Friday, October 21, 2011

Food Friday: A Visit to Stonewall Kitchen

Recently, bf and I spent a weekend on the New England coast, including a tour of Boston. We had been talking about going forever, so when Porter offered flights at 50% off, it was time to go!

To my surprise, our first destination was also the home of Stonewall Kitchen. When the weather turned foggy and rainy, a visit only seemed appropriate. After all, there was bound to be lots of samples!
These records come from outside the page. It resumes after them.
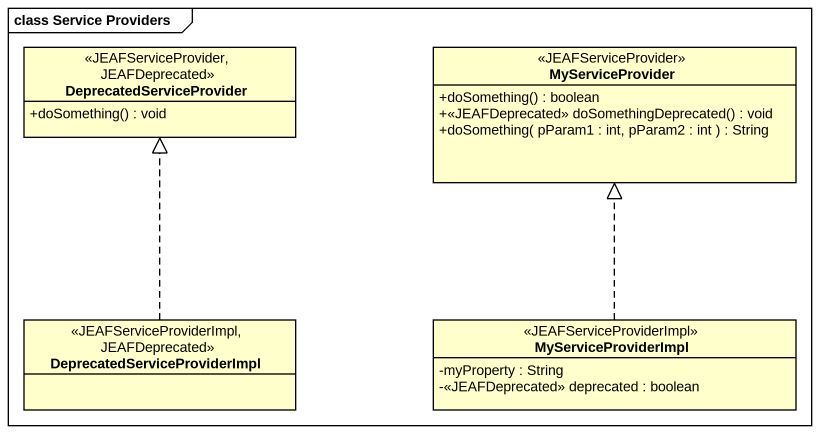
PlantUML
@startuml
mainframe class Service Providers
hide circle
hide empty members
skinparam classAttributeIconSize 0
interface DeprecatedServiceProvider <<JEAFServiceProvider, JEAFDeprecated>> {
  +doSomething() : void
}
interface MyServiceProvider <<JEAFServiceProvider>> {
  +doSomething() : boolean
  +<<JEAFDeprecated>> doSomethingDeprecated() : void
  +doSomething( pParam1 : int, pParam2 : int ) : String
}
class "DeprecatedServiceProviderImpl" as DeprecatedServiceProviderImp <<JEAFServiceProviderImpl, JEAFDeprecated>>
class MyServiceProviderImpl <<JEAFServiceProviderImpl>> {
  -myProperty : String
  -<<JEAFDeprecated>> deprecated : boolean
}
DeprecatedServiceProviderImp .up.|> DeprecatedServiceProvider
MyServiceProviderImpl .up.|> MyServiceProvider
@enduml
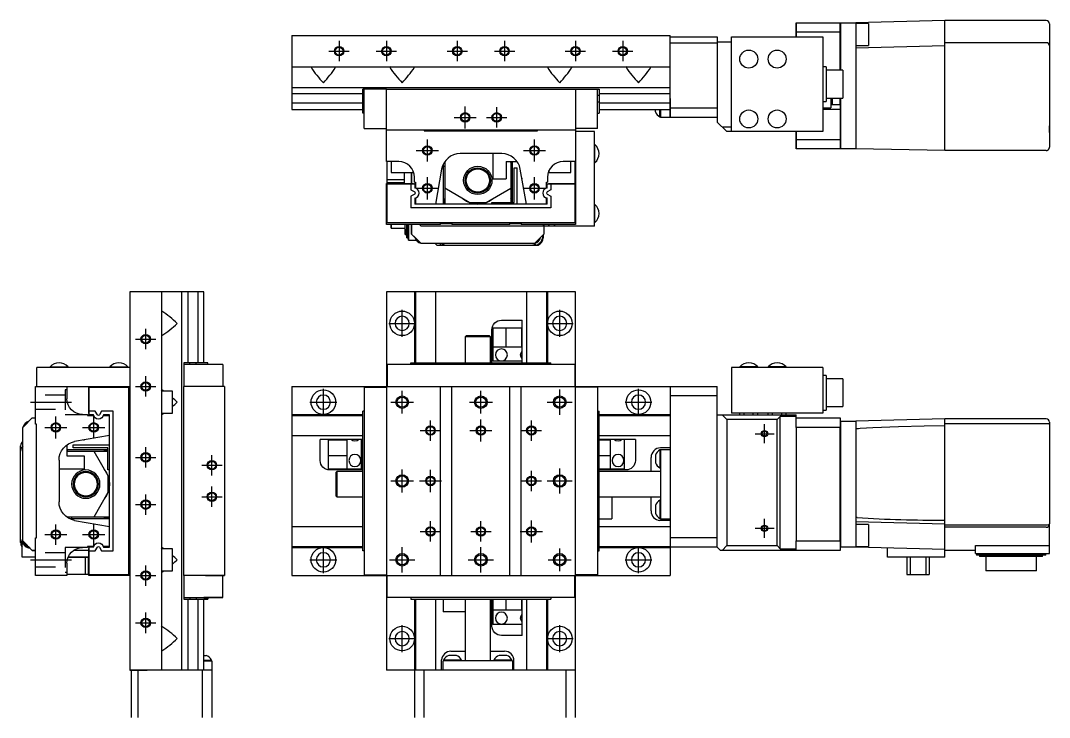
# Model space of a CAD drawing. Extents: x 0 to 668, y -8 to 421.
# Drawn here: x 0 to 326.5, y 200.3 to 421.3 of the extents above; entities that cross this region are included whole.
import ezdxf

# ---------------------------------------------------------------- set-up
doc = ezdxf.new("R2010")
doc.units = 0
doc.header["$LTSCALE"] = 0.5
doc.linetypes.add('CENTER', pattern=[50.8, 31.75, -6.35, 6.35, -6.35])
doc.linetypes.add('DASHED', pattern=[19.05, 12.7, -6.35])
for name, color, linetype in [('MSM_CENTER', 1, 'CENTER'), ('MSM_CONTINUOUS', 7, 'CONTINUOUS'), ('MSM_DASHED', 4, 'DASHED'), ('MSM_NARROW', 5, 'CONTINUOUS')]:
    doc.layers.add(name, color=color, linetype=linetype)

msp = doc.modelspace()

# ---------------------------------------------------------------- linework, layer by layer
at = {"layer": 'MSM_CENTER'}
for p, q in [((101.08, 414.85), (101.08, 408.4)), ((116.08, 414.85), (116.08, 408.4)), ((138.58, 414.85), (138.58, 408.4)), ((153.58, 414.85), (153.58, 408.4)), ((176.08, 414.85), (176.08, 408.4)), ((191.08, 414.85), (191.08, 408.4)), ((97.85, 411.62), (104.31, 411.62)), ((112.85, 411.62), (119.31, 411.62)), ((135.35, 411.62), (141.81, 411.62)), ((150.35, 411.62), (156.81, 411.62)), ((172.85, 411.62), (179.31, 411.62)), ((187.85, 411.62), (194.31, 411.62)), ((141.08, 387.12), (141.08, 394.12)), ((151.08, 387.4), (151.08, 393.85)), ((137.58, 390.62), (144.58, 390.62)), ((147.85, 390.62), (154.31, 390.62)), ((129.08, 376.62), (129.08, 383.62)), ((163.08, 376.62), (163.08, 383.62)), ((125.58, 380.12), (132.58, 380.12)), ((159.58, 380.12), (166.58, 380.12)), ((129.08, 364.62), (129.08, 371.62)), ((163.08, 364.62), (163.08, 371.62)), ((125.58, 368.12), (132.58, 368.12)), ((159.58, 368.12), (166.58, 368.12)), ((121.08, 321.03), (121.08, 329.53)), ((171.08, 321.03), (171.08, 329.53)), ((39.7, 317.05), (39.7, 323.51)), ((116.83, 325.28), (125.33, 325.28)), ((166.83, 325.28), (175.33, 325.28)), ((36.47, 320.28), (42.93, 320.28)), ((39.7, 302.05), (39.7, 308.51)), ((36.47, 305.28), (42.93, 305.28)), ((96.08, 296.03), (96.08, 304.53)), ((121.08, 296.66), (121.08, 303.9)), ((146.08, 296.66), (146.08, 303.9)), ((171.08, 296.28), (171.08, 304.28)), ((196.08, 296.03), (196.08, 304.53)), ((3.2, 300.28), (16.2, 300.28)), ((91.83, 300.28), (100.33, 300.28)), ((117.46, 300.28), (124.7, 300.28)), ((142.46, 300.28), (149.7, 300.28)), ((167.08, 300.28), (175.08, 300.28)), ((191.83, 300.28), (200.33, 300.28)), ((11.2, 288.78), (11.2, 295.78)), ((23.2, 288.78), (23.2, 295.78)), ((130.08, 288.05), (130.08, 294.51)), ((146.08, 287.78), (146.08, 294.78)), ((162.08, 288.05), (162.08, 294.51)), ((7.7, 292.28), (14.7, 292.28)), ((19.7, 292.28), (26.7, 292.28)), ((126.85, 291.28), (133.31, 291.28)), ((142.58, 291.28), (149.58, 291.28)), ((158.85, 291.28), (165.31, 291.28)), ((236.08, 287.28), (236.08, 293.28)), ((233.08, 290.28), (239.08, 290.28)), ((39.7, 279.55), (39.7, 286.01)), ((36.47, 282.78), (42.93, 282.78)), ((60.7, 277.05), (60.7, 283.51)), ((57.47, 280.28), (63.93, 280.28)), ((121.08, 271.66), (121.08, 278.9)), ((130.08, 271.78), (130.08, 278.78)), ((162.08, 272.05), (162.08, 278.51)), ((171.08, 271.28), (171.08, 279.28)), ((117.46, 275.28), (124.7, 275.28)), ((126.58, 275.28), (133.58, 275.28)), ((158.85, 275.28), (165.31, 275.28)), ((167.08, 275.28), (175.08, 275.28)), ((39.7, 264.55), (39.7, 271.01)), ((60.7, 267.05), (60.7, 273.51)), ((36.47, 267.78), (42.93, 267.78)), ((57.47, 270.28), (63.93, 270.28)), ((11.2, 255.05), (11.2, 261.51)), ((23.2, 254.78), (23.2, 261.78)), ((130.08, 256.05), (130.08, 262.51)), ((146.08, 256.05), (146.08, 262.51)), ((162.08, 255.78), (162.08, 262.78)), ((236.08, 257.28), (236.08, 263.28)), ((7.7, 258.28), (14.7, 258.28)), ((19.7, 258.28), (26.7, 258.28)), ((126.85, 259.28), (133.31, 259.28)), ((142.85, 259.28), (149.31, 259.28)), ((158.58, 259.28), (165.58, 259.28)), ((233.08, 260.28), (239.08, 260.28)), ((96.08, 246.03), (96.08, 254.53)), ((121.08, 246.28), (121.08, 254.28)), ((146.08, 246.28), (146.08, 254.28)), ((171.08, 246.66), (171.08, 253.9)), ((196.08, 246.03), (196.08, 254.53)), ((3.2, 250.28), (16.2, 250.28)), ((39.7, 242.05), (39.7, 248.51)), ((91.83, 250.28), (100.33, 250.28)), ((117.08, 250.28), (125.08, 250.28)), ((142.08, 250.28), (150.08, 250.28)), ((167.46, 250.28), (174.7, 250.28)), ((191.83, 250.28), (200.33, 250.28)), ((36.47, 245.28), (42.93, 245.28)), ((39.7, 227.05), (39.7, 233.51)), ((36.47, 230.28), (42.93, 230.28)), ((121.08, 221.03), (121.08, 229.53)), ((171.08, 221.03), (171.08, 229.53)), ((116.83, 225.28), (125.33, 225.28)), ((166.83, 225.28), (175.33, 225.28))]:
    msp.add_line(p, q, dxfattribs=at)
at = {"layer": 'MSM_CONTINUOUS'}
for p, q in [((293.28, 421.32), (265.08, 420.62)), ((293.28, 416.12), (293.28, 421.32)), ((325.48, 421.32), (293.28, 421.32)), ((246.08, 420.62), (246.08, 416.12)), ((246.08, 416.12), (246.08, 420.62)), ((246.08, 420.62), (260.08, 420.62)), ((260.08, 405.55), (260.08, 420.62)), ((260.08, 420.52), (260.18, 420.62)), ((260.18, 420.62), (260.18, 405.55)), ((260.18, 420.62), (265.08, 420.62)), ((265.08, 420.62), (265.08, 380.62)), ((269.08, 420.39), (265.08, 420.39)), ((269.08, 420.39), (269.08, 413.39)), ((293.28, 380.12), (293.28, 418.32)), ((326.48, 420.32), (326.48, 418.32)), ((326.48, 418.32), (326.48, 381.12)), ((86.08, 416.62), (206.08, 416.62)), ((86.08, 416.62), (86.08, 393.12)), ((206.08, 390.62), (206.08, 416.62)), ((206.08, 416.12), (221.08, 416.12)), ((221.08, 416.12), (221.08, 389.12)), ((225.58, 386.12), (225.58, 416.12)), ((225.58, 386.12), (225.58, 416.12)), ((225.58, 416.12), (254.58, 416.12)), ((260.08, 417.62), (246.08, 417.62)), ((254.58, 416.12), (254.58, 386.12)), ((269.08, 417.75), (269.08, 416.02)), ((221.08, 414.12), (206.08, 414.12)), ((221.08, 414.62), (225.58, 414.62)), ((265.08, 413.39), (269.08, 413.39)), ((293.28, 413.32), (265.08, 412.62)), ((325.48, 414.32), (293.28, 414.32)), ((86.08, 406.62), (206.08, 406.62)), ((92.34, 406.62), (92.18, 406.5)), ((99.82, 406.62), (99.98, 406.5)), ((117.34, 406.62), (117.18, 406.5)), ((124.82, 406.62), (124.98, 406.5)), ((167.34, 406.62), (167.18, 406.5)), ((174.82, 406.62), (174.98, 406.5)), ((192.34, 406.62), (192.18, 406.5)), ((199.82, 406.62), (199.98, 406.5)), ((206.08, 400.12), (206.08, 406.62)), ((255.58, 406.62), (254.58, 406.62)), ((255.58, 406.62), (255.58, 395.62)), ((260.88, 405.55), (255.58, 405.55)), ((260.88, 405.55), (260.88, 396.7)), ((86.08, 400.12), (206.08, 400.12)), ((108.58, 391.92), (108.58, 399.52)), ((116.08, 399.52), (108.58, 399.52)), ((109.08, 387.12), (109.08, 399.52)), ((116.08, 399.62), (176.08, 399.62)), ((116.08, 376.62), (116.08, 399.62)), ((176.08, 399.62), (176.08, 356.62)), ((176.08, 399.52), (183.58, 399.52)), ((183.08, 387.12), (183.08, 399.52)), ((183.58, 399.52), (183.58, 391.92)), ((206.08, 390.72), (206.08, 400.12)), ((86.08, 398.16), (108.58, 398.16)), ((108.58, 395.09), (86.08, 395.09)), ((109.08, 397.65), (108.58, 397.65)), ((109.08, 395.6), (108.58, 395.6)), ((183.08, 397.65), (183.58, 397.65)), ((183.08, 395.6), (183.58, 395.6)), ((183.58, 398.16), (206.08, 398.16)), ((206.08, 395.09), (183.58, 395.09)), ((206.08, 396.62), (206.08, 390.62)), ((254.58, 395.62), (255.58, 395.62)), ((255.58, 396.7), (260.88, 396.7)), ((257.08, 396.7), (257.08, 393.62)), ((257.08, 395.62), (257.58, 395.62)), ((257.58, 396.7), (257.58, 394.73)), ((260.08, 396.7), (260.08, 380.62)), ((260.08, 394.73), (260.08, 396.7)), ((260.18, 396.7), (260.18, 380.62)), ((86.08, 393.12), (108.58, 393.12)), ((109.08, 391.92), (108.58, 391.92)), ((183.08, 391.92), (183.58, 391.92)), ((183.58, 393.12), (206.08, 393.12)), ((201.43, 392.4), (201.43, 393.12)), ((202.88, 390.77), (202.88, 393.12)), ((203.08, 393.12), (203.08, 390.62)), ((203.08, 390.62), (203.08, 393.12)), ((206.08, 393.62), (221.08, 393.62)), ((254.58, 393.62), (257.08, 393.62)), ((260.08, 393.12), (254.58, 393.12)), ((257.08, 394.73), (260.08, 394.73)), ((202.88, 390.77), (203.08, 390.77)), ((221.08, 390.62), (203.08, 390.62)), ((221.08, 389.12), (224.08, 386.12)), ((109.08, 387.12), (116.08, 387.12)), ((116.08, 386.62), (176.08, 386.62)), ((128.08, 386.62), (128.08, 386.32)), ((128.08, 386.32), (164.08, 386.32)), ((164.08, 386.32), (164.08, 386.62)), ((183.08, 387.12), (176.08, 387.12)), ((182.08, 386.12), (176.08, 386.12)), ((182.08, 356.12), (182.08, 386.12)), ((222.58, 387.62), (225.58, 387.62)), ((254.58, 386.12), (224.08, 386.12)), ((246.08, 380.62), (246.08, 386.12)), ((246.08, 386.12), (246.08, 380.62)), ((326.48, 385.8), (326.48, 387.92)), ((246.08, 383.62), (260.08, 383.62)), ((152.67, 379.12), (139.49, 379.12)), ((149.88, 379.12), (149.88, 371.12)), ((182.24, 381.97), (182.08, 381.97)), ((182.24, 376.27), (182.24, 381.97)), ((260.08, 380.62), (246.08, 380.62)), ((260.18, 380.62), (260.08, 380.72)), ((265.08, 380.62), (260.18, 380.62)), ((293.28, 380.12), (265.08, 380.62)), ((325.48, 380.12), (293.28, 380.12)), ((325.48, 380.12), (325.5, 380.13)), ((325.5, 380.13), (325.53, 380.13)), ((325.53, 380.13), (325.58, 380.13)), ((325.58, 380.13), (325.63, 380.14)), ((325.63, 380.14), (325.68, 380.14)), ((325.68, 380.14), (325.72, 380.16)), ((325.72, 380.16), (325.76, 380.17)), ((325.76, 380.17), (325.8, 380.18)), ((325.8, 380.18), (325.84, 380.19)), ((325.84, 380.19), (325.87, 380.21)), ((325.87, 380.21), (325.9, 380.22)), ((325.9, 380.22), (325.93, 380.23)), ((325.93, 380.23), (325.96, 380.25)), ((325.96, 380.25), (325.99, 380.27)), ((325.99, 380.27), (326.02, 380.28)), ((326.02, 380.28), (326.04, 380.3)), ((326.04, 380.3), (326.07, 380.32)), ((326.07, 380.32), (326.09, 380.34)), ((326.09, 380.34), (326.12, 380.36)), ((326.12, 380.36), (326.15, 380.38)), ((326.15, 380.38), (326.17, 380.41)), ((326.17, 380.41), (326.2, 380.43)), ((326.2, 380.43), (326.22, 380.46)), ((326.22, 380.46), (326.24, 380.48)), ((326.24, 380.48), (326.26, 380.5)), ((326.26, 380.5), (326.28, 380.53)), ((326.28, 380.53), (326.3, 380.55)), ((326.3, 380.55), (326.31, 380.58)), ((326.31, 380.58), (326.34, 380.61)), ((326.34, 380.61), (326.36, 380.65)), ((326.36, 380.65), (326.38, 380.69)), ((326.38, 380.69), (326.39, 380.72)), ((326.39, 380.72), (326.41, 380.76)), ((326.41, 380.76), (326.42, 380.8)), ((326.42, 380.8), (326.44, 380.84)), ((326.44, 380.84), (326.45, 380.88)), ((326.45, 380.91), (326.46, 380.94)), ((326.45, 380.88), (326.45, 380.91)), ((326.46, 380.97), (326.47, 381)), ((326.46, 380.94), (326.46, 380.97)), ((326.47, 381.06), (326.48, 381.09)), ((326.47, 381.03), (326.47, 381.06)), ((326.47, 381), (326.47, 381.03)), ((326.48, 381.09), (326.48, 381.12)), ((326.48, 381.12), (326.48, 381.12)), ((119.98, 376.62), (116.08, 376.62)), ((116.38, 369.82), (116.38, 376.62)), ((117.58, 376.62), (117.58, 373.12)), ((134.08, 375.72), (134.08, 363.12)), ((134.58, 376.58), (134.58, 363.12)), ((154.08, 376.62), (157.54, 376.62)), ((154.08, 376.62), (154.08, 371.12)), ((155.58, 376.62), (155.58, 363.62)), ((156.08, 363.62), (156.08, 376.62)), ((176.08, 376.62), (172.18, 376.62)), ((174.58, 373.12), (174.58, 376.62)), ((175.98, 369.62), (175.98, 376.62)), ((182.08, 376.27), (182.24, 376.27)), ((117.58, 373.12), (124.58, 373.12)), ((121.88, 369.62), (121.88, 373.12)), ((124.08, 369.62), (124.08, 373.12)), ((124.08, 373.12), (124.08, 369.62)), ((124.58, 373.12), (124.58, 373.58)), ((133.58, 374.17), (131.63, 363.12)), ((134.08, 375.12), (134.58, 375.12)), ((156.58, 374.62), (157.58, 374.62)), ((156.58, 363.62), (156.58, 374.62)), ((157.58, 363.12), (157.58, 374.62)), ((160.52, 363.12), (158.58, 374.17)), ((167.58, 373.58), (167.58, 373.12)), ((167.58, 373.12), (174.58, 373.12)), ((116.08, 369.62), (124.68, 369.62)), ((116.08, 356.62), (116.08, 369.62)), ((116.28, 369.52), (125.08, 369.52)), ((116.28, 357.12), (116.28, 369.52)), ((121.88, 370.82), (116.38, 370.82)), ((121.88, 369.82), (116.38, 369.82)), ((117.58, 369.82), (117.58, 369.62)), ((117.58, 369.62), (117.58, 369.82)), ((123.88, 369.52), (123.88, 367.65)), ((124.68, 369.62), (124.68, 369.52)), ((124.98, 370.12), (124.98, 371.62)), ((124.98, 370.12), (125.28, 370.12)), ((125.08, 370.12), (125.08, 368.2)), ((125.18, 370.12), (125.18, 368.18)), ((125.28, 370.12), (125.28, 368.16)), ((149.88, 371.12), (154.08, 371.12)), ((159.08, 371.33), (159.08, 371.12)), ((159.11, 371.12), (159.08, 371.12)), ((166.88, 370.12), (167.18, 370.12)), ((166.88, 368.16), (166.88, 370.12)), ((167.08, 369.52), (175.88, 369.52)), ((167.08, 368.2), (167.08, 369.52)), ((167.18, 371.62), (167.18, 370.12)), ((167.48, 369.62), (176.08, 369.62)), ((167.48, 369.52), (167.48, 369.62)), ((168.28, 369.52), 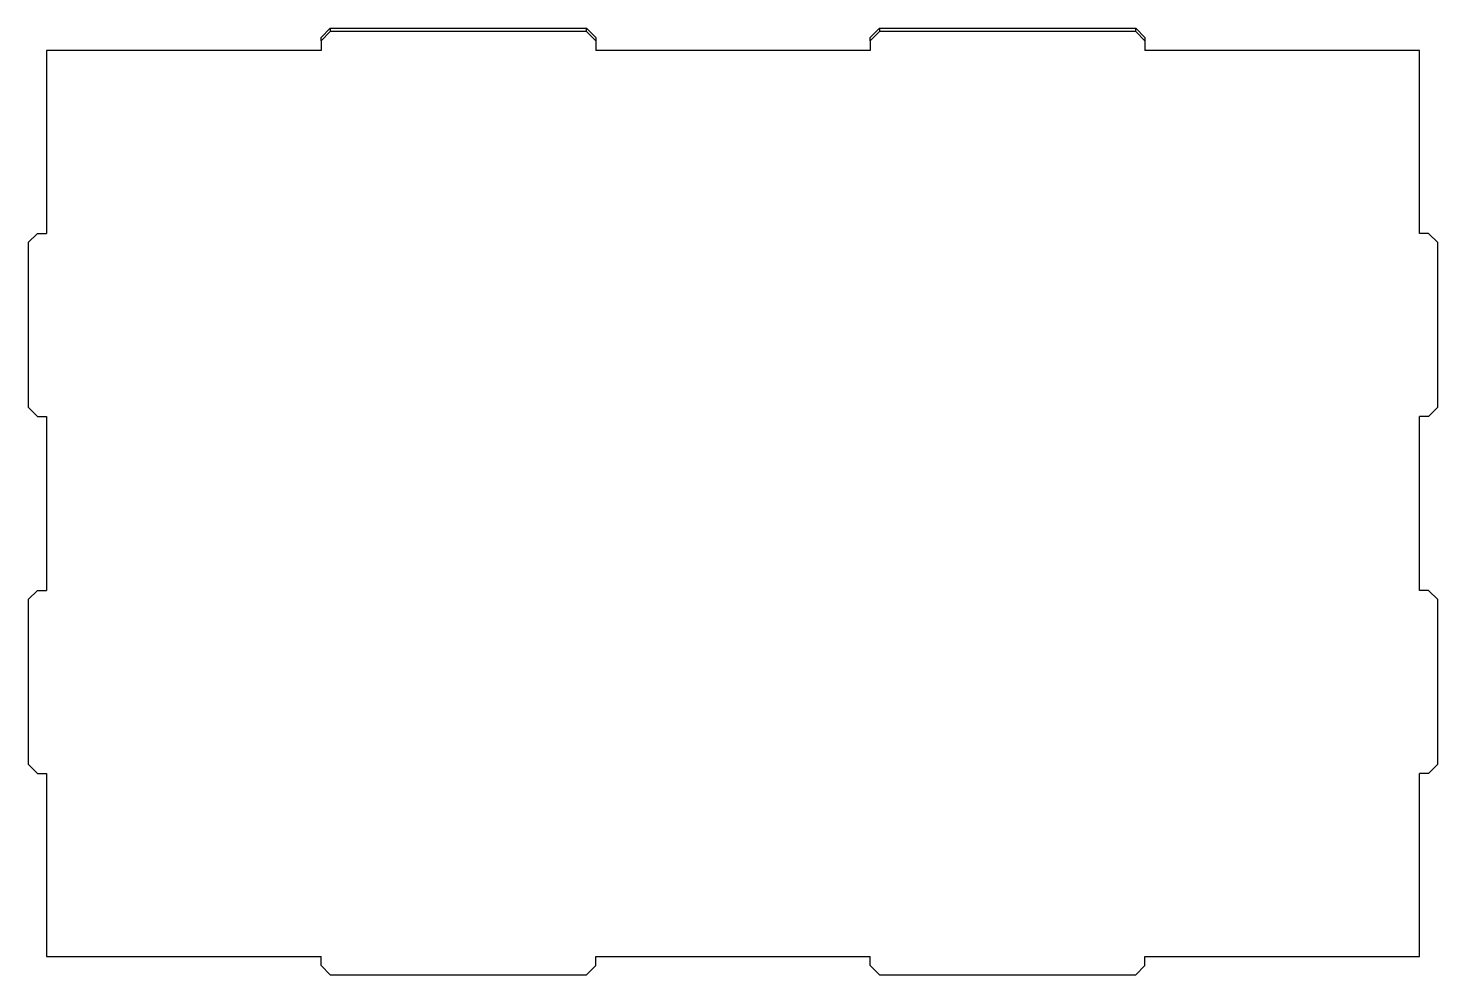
# Model space of a CAD drawing. Extents: x 263 to 417, y 314 to 417.
import ezdxf

# ---------------------------------------------------------------- set-up
doc = ezdxf.new("R2010")
doc.units = 0
doc.linetypes.add('SLD-CONTINUA', pattern=[0])
doc.layers.get('0').update_dxf_attribs({"linetype": 'CONTINUOUS'})

msp = doc.modelspace()

# ---------------------------------------------------------------- linework, layer by layer
at = {"color": 7, "linetype": 'SLD-CONTINUA'}
for p, q in [((294.9, 416.16), (295.9, 417.17)), ((295.9, 416.82), (294.9, 415.8)), ((294.9, 415.8), (294.9, 416.16)), ((294.9, 415.8), (294.9, 414.75)), ((295.9, 417.17), (295.9, 416.82)), ((295.9, 417.17), (323.9, 417.17)), ((323.9, 416.82), (295.9, 416.82)), ((323.9, 416.82), (323.9, 417.17)), ((323.9, 417.17), (324.9, 416.16)), ((324.9, 415.8), (323.9, 416.82)), ((324.9, 416.16), (324.9, 415.8)), ((324.9, 415.8), (324.9, 414.75)), ((354.9, 416.16), (355.9, 417.17)), ((355.9, 416.82), (354.9, 415.8)), ((354.9, 415.8), (354.9, 416.16)), ((354.9, 415.8), (354.9, 414.75)), ((355.9, 417.17), (355.9, 416.82)), ((355.9, 417.17), (383.9, 417.17)), ((383.9, 416.82), (355.9, 416.82)), ((383.9, 416.82), (383.9, 417.17)), ((383.9, 417.17), (384.9, 416.16)), ((384.9, 415.8), (383.9, 416.82)), ((384.9, 416.16), (384.9, 415.8)), ((384.9, 415.8), (384.9, 414.75)), ((294.9, 414.75), (264.9, 414.75)), ((264.9, 414.75), (264.9, 394.75)), ((354.9, 414.75), (324.9, 414.75)), ((414.9, 414.75), (384.9, 414.75)), ((414.9, 394.75), (414.9, 414.75)), ((263.9, 394.75), (262.9, 393.75)), ((263.9, 394.75), (264.9, 394.75)), ((415.9, 394.75), (414.9, 394.75)), ((416.9, 393.75), (415.9, 394.75)), ((262.9, 393.75), (262.9, 375.75)), ((416.9, 375.75), (416.9, 393.75)), ((262.9, 375.75), (263.9, 374.75)), ((263.9, 374.75), (264.9, 374.75)), ((264.9, 374.75), (264.9, 355.75)), ((415.9, 374.75), (414.9, 374.75)), ((414.9, 355.75), (414.9, 374.75)), ((415.9, 374.75), (416.9, 375.75)), ((263.9, 355.75), (262.9, 354.75)), ((263.9, 355.75), (264.9, 355.75)), ((415.9, 355.75), (414.9, 355.75)), ((416.9, 354.75), (415.9, 355.75)), ((262.9, 354.75), (262.9, 336.75)), ((416.9, 336.75), (416.9, 354.75)), ((262.9, 336.75), (263.9, 335.75)), ((263.9, 335.75), (264.9, 335.75)), ((264.9, 335.75), (264.9, 315.75)), ((415.9, 335.75), (414.9, 335.75)), ((414.9, 315.75), (414.9, 335.75)), ((415.9, 335.75), (416.9, 336.75)), ((264.9, 315.75), (294.9, 315.75)), ((294.9, 314.75), (294.9, 315.75)), ((324.9, 314.75), (324.9, 315.75)), ((324.9, 315.75), (354.9, 315.75)), ((354.9, 314.75), (354.9, 315.75)), ((384.9, 314.75), (384.9, 315.75)), ((384.9, 315.75), (414.9, 315.75)), ((294.9, 314.75), (295.9, 313.75)), ((323.9, 313.75), (324.9, 314.75)), ((354.9, 314.75), (355.9, 313.75)), ((383.9, 313.75), (384.9, 314.75)), ((295.9, 313.75), (323.9, 313.75)), ((355.9, 313.75), (383.9, 313.75))]:
    msp.add_line(p, q, dxfattribs=at)

doc.saveas('drawing.dxf')

Posing with a scarecrow @StonewalKitchen in York, Maine

After navigating through the packed store, tasting every dip, sauce and spread we could, and enjoying lunch from the kitchen at Stonewall Kitchen, we left with a basket of sauces and more. My haul included:
  • Roasted Peach Whiskey Sauce
  • Artichoke Pesto
  • Vidalia Onion Fig Sauce
  • Champagne Shallot Walnut Dressing
  • A few more Christmas gifts....
Back at home, I couldn't wait to try my new pantry treasures. First up, the Vidalia Onion Fig Sauce and the Champagne Shallot Walnut Dressing. The flavour combinations of both sounded so incredibly complex, I couldn't leave these on the shelf. They certainly didn't disappoint either!

The dressing has proven a great compliment to both spinach and mixed green salads. Topped with some orange slices, sunflower seeds (because I throw them on everything), goat cheese and candied onions, and I had an exquisite salad. 

Next, we rubbed a pork tenderloin with salt and pepper, then roast it on the barbecue, glazing regularly with the Vidalia Onion Fig Sauce. It was so mouthwateringly-juicy, we pulled the entire roast a part and nearly ate it all before it even made it to the plate. 

You can check out Stonewall products here. Do you have any gourmet pantry favourites?

Wednesday, October 12, 2011

First Guest Post Ever!

If you know me personnally or from Savvy Homegirl, you know I love good food and good wine! My friend, Allie, recently started this excellent wine blog and I was delighted when she asked if I'd provide a post on my wine touring experience!! Check it out, my first guest post, over at Winegloss today!

Monday, October 10, 2011

A Happy Thanksgiving

In what has become a Thanksgiving tradition, I found myself in the thick of the harvest action this weekend. Whether it's climate change or a blessing from above, unseasonably high temperatures, dry and sunny weather graced Southern Ontario again this Thanksgiving. Perfect weather to enjoy Thanksgiving dinner on the deck also meant perfect weather for combining. There wasn't a combine sitting still Saturday. My brother counted a dozen on the five-mile trip to the elevator. I even found myself behind the wheel of the combine, and later the grain cart, when there weren't enough bodies to be found to keep the combine, grain truck, seed-drill, and sprayer going.

Fall harvest is my favourite time of year. Golden-brown fields, set against a perfect canvass of red and yellow leaves and a clear, blue sky make every corner look like a page from a magazine. Beyond a doubt, it's stressful. Equipment tends to break and sometimes people tend to not hear all the instructions, but everyone seems to have an air of more optimism about them. The crop is coming off. Grain is going to the elevator.  A years worth of work is coming to fruition.
My niece co-pilots in the combine. Luckily, that paper isn't important anymore.
Despite our best attempts to work straight through the weekend and my mother's stern warning about working on Sunday, He made sure we took a break. The combine broke down long enough Sunday to ensure everyone made it to church, we witnessed the baptism of my cousin's beautiful twin boys, enjoyed an afternoon with family before settling down to relax together at night after milking. By noon today, everyone was back in the field running like clockwork. I set off to catch up with friends, before heading back to the city and another week of travel. It will be at least ten months before I see the harvest fields again, but for now and the coming weeks, it will be engrained in my memory until I make it back to the farm.